Algunas veces estuvo detenido hasta tres meses sin que nadie reclame por él. Su madre, que al principio siempre lo buscaba, se cansó de sus fechorías. En otros casos, policías corruptos lo extorsionaban y lo dejaban libre a cambio de los objetos robados. Si bien tenía ingresos, estaba cansado de esa situación, pero ocurrió algo que le hizo decidir su futuro delictivo.

Una tarde, detenido en una comisaría, entre jóvenes y viejos que robaban cosas menores como él, llegaron dos sujetos a la celda, con una actitud y presencia diferente al resto de los detenidos. Ambos discutían por algo que había salido mal. Uno de ellos, el de más edad, pidió al celador, un teniente, hablar con el coronel de la comisaría.

—El teniente fue corriendo a llamar al coronel, parecía su perro, y el mismo coronel que horas antes nos miraba a todos con desprecio, a mí me veía como si fuera basura, con esos asaltantes era diferente, hasta los contemplaba con amor —recuerda.

En menos de una hora resolvieron y antes de irse se solidarizaron con los detenidos. 

—Al vernos tan fregados, el tipo mayor mandó a comprar comida y frazadas para todos y le entregó al detenido más antiguo para que reparta. Ese día todos comimos bien.

Giuliano vio entonces cómo se iban unos tipos limpios, con ropa de marca, con actitud ganadora, que hablaban de tú a tú con la policía, mientras que en la celda se quedaba gente con ropa corriente y sucia, que sufría por no tener dinero para pagar la coima.

—Yo quiero ser así, basta de robar huevadas —dijo al enterarse de que eran asaltantes de bancos.

Al salir de la comisaría dejó al Achote y buscó al Cholo Porfirio, un delincuente de La Victoria, experimentado y rankeado, con el que —ya con 15 años— inició asaltos a mano armada. Estima que en esta etapa robó más de 20 vehículos, muchos de ellos camiones a pedido, que eran llevados a las provincias de los departamentos del centro del Perú. Otros los llevaban donde Cholo Malo, comercializador de artículos robados y amigo de su padre, que siempre le decía: “Si tu papá se entera, voy a tener problemas”. 

Giuliano fue escalando en su actividad delictiva: tiendas, comercios medianos, consultorios, sastrerías y sucursales de negocios también estuvieron entre sus objetivos. Cada vez apuntaba más alto y reprochaba a quienes se fijaban en cosas menores como un televisor de 20 pulgadas. Para él eran mezquindades que solo ponían en riesgo al grupo. A los 18 años coronó su primer banco. En adelante se fue relacionando con bandas peligrosas por su letalidad y poder de fuego como Los Norteños y Los Limeños, con quienes realizó varios atracos y secuestros. Estas bandas, antes de cada asalto, acudían ante un brujo chamán para que les dé un baño de buena fortuna, uno de los más entusiastas era Viejo Paco.

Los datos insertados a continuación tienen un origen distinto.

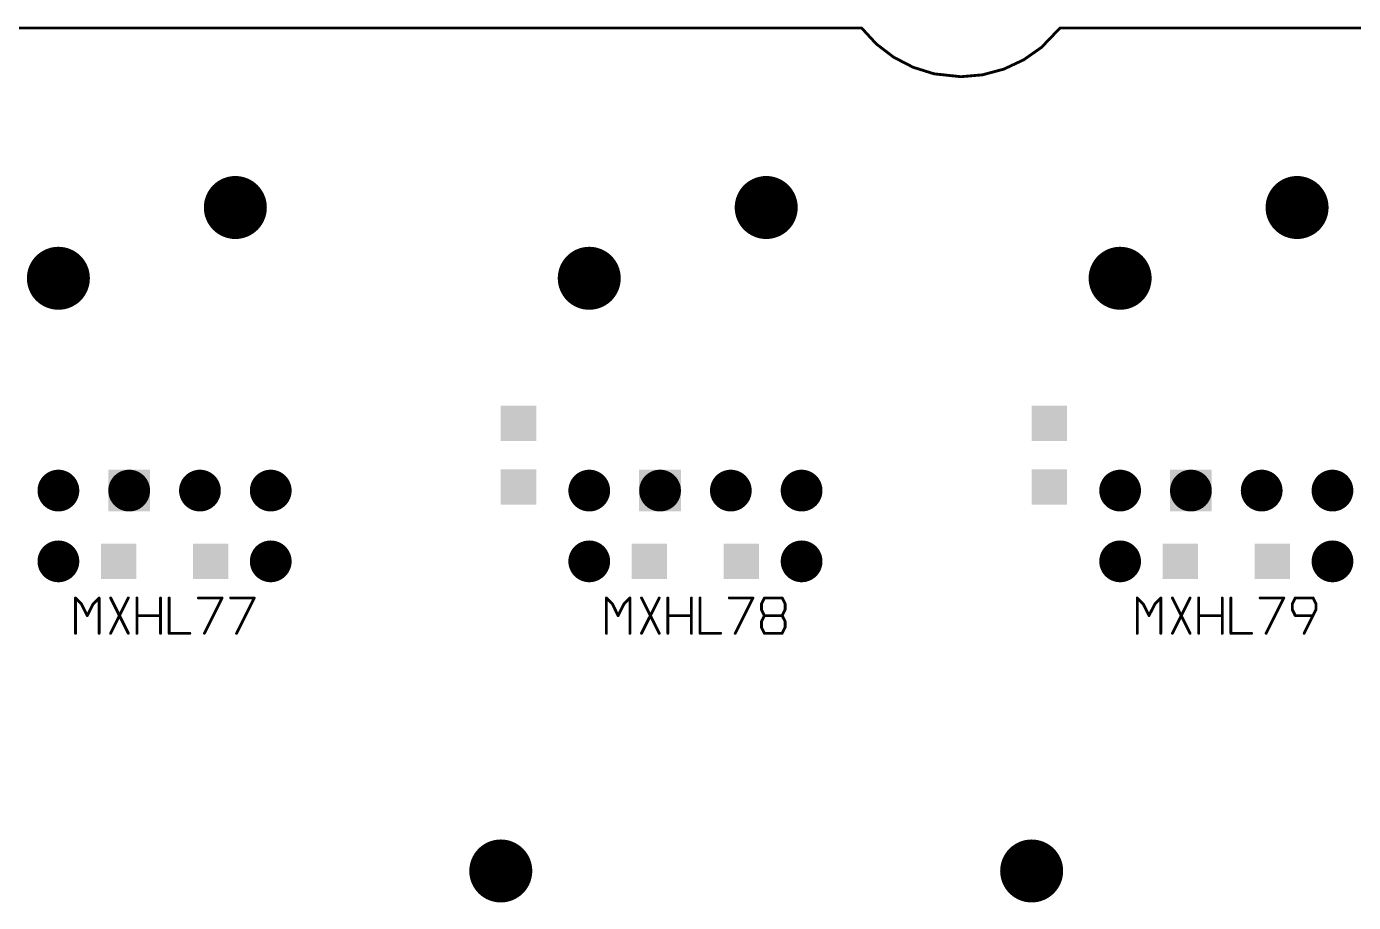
# Model space of a CAD drawing. Header units: millimetres. Extents: x 451 to 799, y 260 to 388.
# Drawn here: x 579.47 to 627.09, y 351.12 to 382.56 of the extents above; entities that cross this region are included whole.
import ezdxf

# ---------------------------------------------------------------- set-up
doc = ezdxf.new("R2010")
doc.units = ezdxf.units.MM
for name, color, linetype in [('3_A_', 4, 'Continuous'), ('4_A_', 54, 'Continuous'), ('5_A_', 7, 'Continuous'), ('8_A_', 3, 'Continuous')]:
    doc.layers.add(name, color=color, linetype=linetype)

# ---------------------------------------------------------------- blocks, each defined once
blk = doc.blocks.new('D24ROUND1_4986X1_4986')
blk.add_lwpolyline([(0.37465, 0, 0.7493, 0.7493, 1), (-0.37465, 0, 0.7493, 0.7493, 1), (0.37465, 0, 0.7493, 0.7493, 0)], format="xyseb")
blk = doc.blocks.new('D25ROUND2_2606X2_2606')
blk.add_lwpolyline([(0.56515, 0, 1.1303, 1.1303, 1), (-0.56515, 0, 1.1303, 1.1303, 1), (0.56515, 0, 1.1303, 1.1303, 0)], format="xyseb")
blk = doc.blocks.new('D16SQUARE1_27X1_27')
blk.add_solid([(-0.635, -0.635), (0.635, -0.635), (-0.635, 0.635), (0.635, 0.635)])
blk = doc.blocks.new('D41SQUARE1_4986X1_4986')
blk.add_solid([(-0.7493, -0.7493), (0.7493, -0.7493), (-0.7493, 0.7493), (0.7493, 0.7493)])

msp = doc.modelspace()

# ---------------------------------------------------------------- linework, layer by layer
at = {"layer": '5_A_'}
for points in [[(581.441, 361.843, 0.102, 0.102, 0), (581.23, 362.054, 0.102, 0.102, 0)], [(581.23, 362.054, 0.102, 0.102, 0), (581.23, 360.784, 0.102, 0.102, 0)], [(581.651, 361.419, 0.102, 0.102, 0), (581.441, 361.843, 0.102, 0.102, 0)], [(581.865, 361.843, 0.102, 0.102, 0), (581.651, 361.419, 0.102, 0.102, 0)], [(582.076, 362.054, 0.102, 0.102, 0), (581.865, 361.843, 0.102, 0.102, 0)], [(582.076, 360.784, 0.102, 0.102, 0), (582.076, 362.054, 0.102, 0.102, 0)], [(583.125, 360.784, 0.102, 0.102, 0), (582.49, 362.054, 0.102, 0.102, 0)], [(583.125, 362.054, 0.102, 0.102, 0), (582.49, 360.784, 0.102, 0.102, 0)], [(583.435, 360.784, 0.102, 0.102, 0), (583.435, 362.054, 0.102, 0.102, 0)], [(584.28, 360.784, 0.102, 0.102, 0), (584.28, 362.054, 0.102, 0.102, 0)], [(584.59, 360.784, 0.102, 0.102, 0), (584.59, 362.054, 0.102, 0.102, 0)], [(586.488, 362.054, 0.102, 0.102, 0), (585.639, 362.054, 0.102, 0.102, 0)], [(585.853, 360.784, 0.102, 0.102, 0), (586.488, 362.054, 0.102, 0.102, 0)], [(587.643, 362.054, 0.102, 0.102, 0), (586.795, 362.054, 0.102, 0.102, 0)], [(587.008, 360.784, 0.102, 0.102, 0), (587.643, 362.054, 0.102, 0.102, 0)], [(600.491, 361.843, 0.102, 0.102, 0), (600.28, 362.054, 0.102, 0.102, 0)], [(600.28, 362.054, 0.102, 0.102, 0), (600.28, 360.784, 0.102, 0.102, 0)], [(600.701, 361.419, 0.102, 0.102, 0), (600.491, 361.843, 0.102, 0.102, 0)], [(600.915, 361.843, 0.102, 0.102, 0), (600.701, 361.419, 0.102, 0.102, 0)], [(601.126, 362.054, 0.102, 0.102, 0), (600.915, 361.843, 0.102, 0.102, 0)], [(601.126, 360.784, 0.102, 0.102, 0), (601.126, 362.054, 0.102, 0.102, 0)], [(602.175, 360.784, 0.102, 0.102, 0), (601.54, 362.054, 0.102, 0.102, 0)], [(602.175, 362.054, 0.102, 0.102, 0), (601.54, 360.784, 0.102, 0.102, 0)], [(602.485, 360.784, 0.102, 0.102, 0), (602.485, 362.054, 0.102, 0.102, 0)], [(603.33, 360.784, 0.102, 0.102, 0), (603.33, 362.054, 0.102, 0.102, 0)], [(603.64, 360.784, 0.102, 0.102, 0), (603.64, 362.054, 0.102, 0.102, 0)], [(605.538, 362.054, 0.102, 0.102, 0), (604.689, 362.054, 0.102, 0.102, 0)], [(604.903, 360.784, 0.102, 0.102, 0), (605.538, 362.054, 0.102, 0.102, 0)], [(605.952, 362.054, 0.102, 0.102, 0), (605.845, 361.843, 0.102, 0.102, 0)], [(605.845, 361.843, 0.102, 0.102, 0), (605.845, 361.633, 0.102, 0.102, 0)], [(606.587, 362.054, 0.102, 0.102, 0), (605.952, 362.054, 0.102, 0.102, 0)], [(606.693, 361.843, 0.102, 0.102, 0), (606.587, 362.054, 0.102, 0.102, 0)], [(606.693, 361.633, 0.102, 0.102, 0), (606.693, 361.843, 0.102, 0.102, 0)], [(619.541, 361.843, 0.102, 0.102, 0), (619.33, 362.054, 0.102, 0.102, 0)], [(619.33, 362.054, 0.102, 0.102, 0), (619.33, 360.784, 0.102, 0.102, 0)], [(619.751, 361.419, 0.102, 0.102, 0), (619.541, 361.843, 0.102, 0.102, 0)], [(619.965, 361.843, 0.102, 0.102, 0), (619.751, 361.419, 0.102, 0.102, 0)], [(620.176, 362.054, 0.102, 0.102, 0), (619.965, 361.843, 0.102, 0.102, 0)], [(620.176, 360.784, 0.102, 0.102, 0), (620.176, 362.054, 0.102, 0.102, 0)], [(621.225, 360.784, 0.102, 0.102, 0), (620.59, 362.054, 0.102, 0.102, 0)], [(621.225, 362.054, 0.102, 0.102, 0), (620.59, 360.784, 0.102, 0.102, 0)], [(621.535, 360.784, 0.102, 0.102, 0), (621.535, 362.054, 0.102, 0.102, 0)], [(622.38, 360.784, 0.102, 0.102, 0), (622.38, 362.054, 0.102, 0.102, 0)], [(622.69, 360.784, 0.102, 0.102, 0), (622.69, 362.054, 0.102, 0.102, 0)], [(624.588, 362.054, 0.102, 0.102, 0), (623.739, 362.054, 0.102, 0.102, 0)], [(623.953, 360.784, 0.102, 0.102, 0), (624.588, 362.054, 0.102, 0.102, 0)], [(624.895, 361.843, 0.102, 0.102, 0), (625.002, 362.054, 0.102, 0.102, 0)], [(624.895, 361.633, 0.102, 0.102, 0), (624.895, 361.843, 0.102, 0.102, 0)], [(625.002, 362.054, 0.102, 0.102, 0), (625.637, 362.054, 0.102, 0.102, 0)], [(625.637, 362.054, 0.102, 0.102, 0), (625.743, 361.843, 0.102, 0.102, 0)], [(625.743, 361.843, 0.102, 0.102, 0), (625.743, 361.633, 0.102, 0.102, 0)], [(584.28, 361.419, 0.102, 0.102, 0), (583.435, 361.419, 0.102, 0.102, 0)], [(603.33, 361.419, 0.102, 0.102, 0), (602.485, 361.419, 0.102, 0.102, 0)], [(605.845, 361.633, 0.102, 0.102, 0), (605.952, 361.419, 0.102, 0.102, 0)], [(605.845, 361.208, 0.102, 0.102, 0), (605.952, 361.419, 0.102, 0.102, 0)], [(605.952, 361.419, 0.102, 0.102, 0), (606.587, 361.419, 0.102, 0.102, 0)], [(606.587, 361.419, 0.102, 0.102, 0), (606.693, 361.633, 0.102, 0.102, 0)], [(606.587, 361.419, 0.102, 0.102, 0), (606.693, 361.208, 0.102, 0.102, 0)], [(622.38, 361.419, 0.102, 0.102, 0), (621.535, 361.419, 0.102, 0.102, 0)], [(625.002, 361.419, 0.102, 0.102, 0), (624.895, 361.633, 0.102, 0.102, 0)], [(625.637, 361.419, 0.102, 0.102, 0), (625.002, 361.419, 0.102, 0.102, 0)], [(625.743, 361.633, 0.102, 0.102, 0), (625.319, 360.784, 0.102, 0.102, 0)], [(605.845, 360.998, 0.102, 0.102, 0), (605.845, 361.208, 0.102, 0.102, 0)], [(605.952, 360.784, 0.102, 0.102, 0), (605.845, 360.998, 0.102, 0.102, 0)], [(606.693, 360.998, 0.102, 0.102, 0), (606.587, 360.784, 0.102, 0.102, 0)], [(606.693, 361.208, 0.102, 0.102, 0), (606.693, 360.998, 0.102, 0.102, 0)], [(585.332, 360.784, 0.102, 0.102, 0), (584.59, 360.784, 0.102, 0.102, 0)], [(604.382, 360.784, 0.102, 0.102, 0), (603.64, 360.784, 0.102, 0.102, 0)], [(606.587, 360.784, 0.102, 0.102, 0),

En esos andares le presentaron a Pedro Pablo Ramírez Herrera conocido como Wilfredo Camana Camán, con quien entablaría una estrecha amistad. Se hizo su compadre antes de migrar a Bolivia, junto a otros integrantes de la banda.

El inicio sin retorno

En el piso de la cocina, de la casa de Blas Valencia, sobre un plástico azul empozado en sangre, yacía el exmilitar peruano Elacio Peña Córdova, casi desmayado. Patricia Gallardo limpiaba las manchas del suelo. Los fardos de dinero llegaron directamente al segundo nivel de la casa, cerca de un altar con muchas velas, vírgenes e imágenes como demonios.

Blas mandó a traer a un médico, a quien conoció de manera circunstancial. Norma, esposa de Blas, pedía dinero, en medio del conteo; Mercedes, hermana de Blas, se encargaba de hacer las compras y avisar sobre el movimiento policial en la calle. Más personas iban llegando a la casa. A eso de las 10.00, el mayor de policía Freddy Cáceres, ingresaba a la oficina del comandante general de la Policía, Walter Osinaga, con un maletín con 50 mil dólares.

—La ciudad había sido vendida nuevamente por la policía —dice Giuliano, con sarcasmo, y recuerda cómo otros oficiales de la Zona Sur y de El Alto de La Paz se acercaban a ellos a ofrecerles partes de la ciudad a cambio de un porcentaje. Dice que, incluso estando preso, un capitán de la cárcel le ofreció “trabajo” cuando salga libre.

En un momento y de manera imprevista —refiere Giuliano— Norma dijo que de la casa del frente estaban mirando lo que se hacía y pidió subir el dinero al segundo piso. En ese ínterin se perdieron una bolsa y una lata grande con dinero.

—Con Augusto (Genaro Ahuacho) nos dimos cuenta de que había desaparecido parte del dinero y de las intenciones de Blas, eso era jugar sucio —dice.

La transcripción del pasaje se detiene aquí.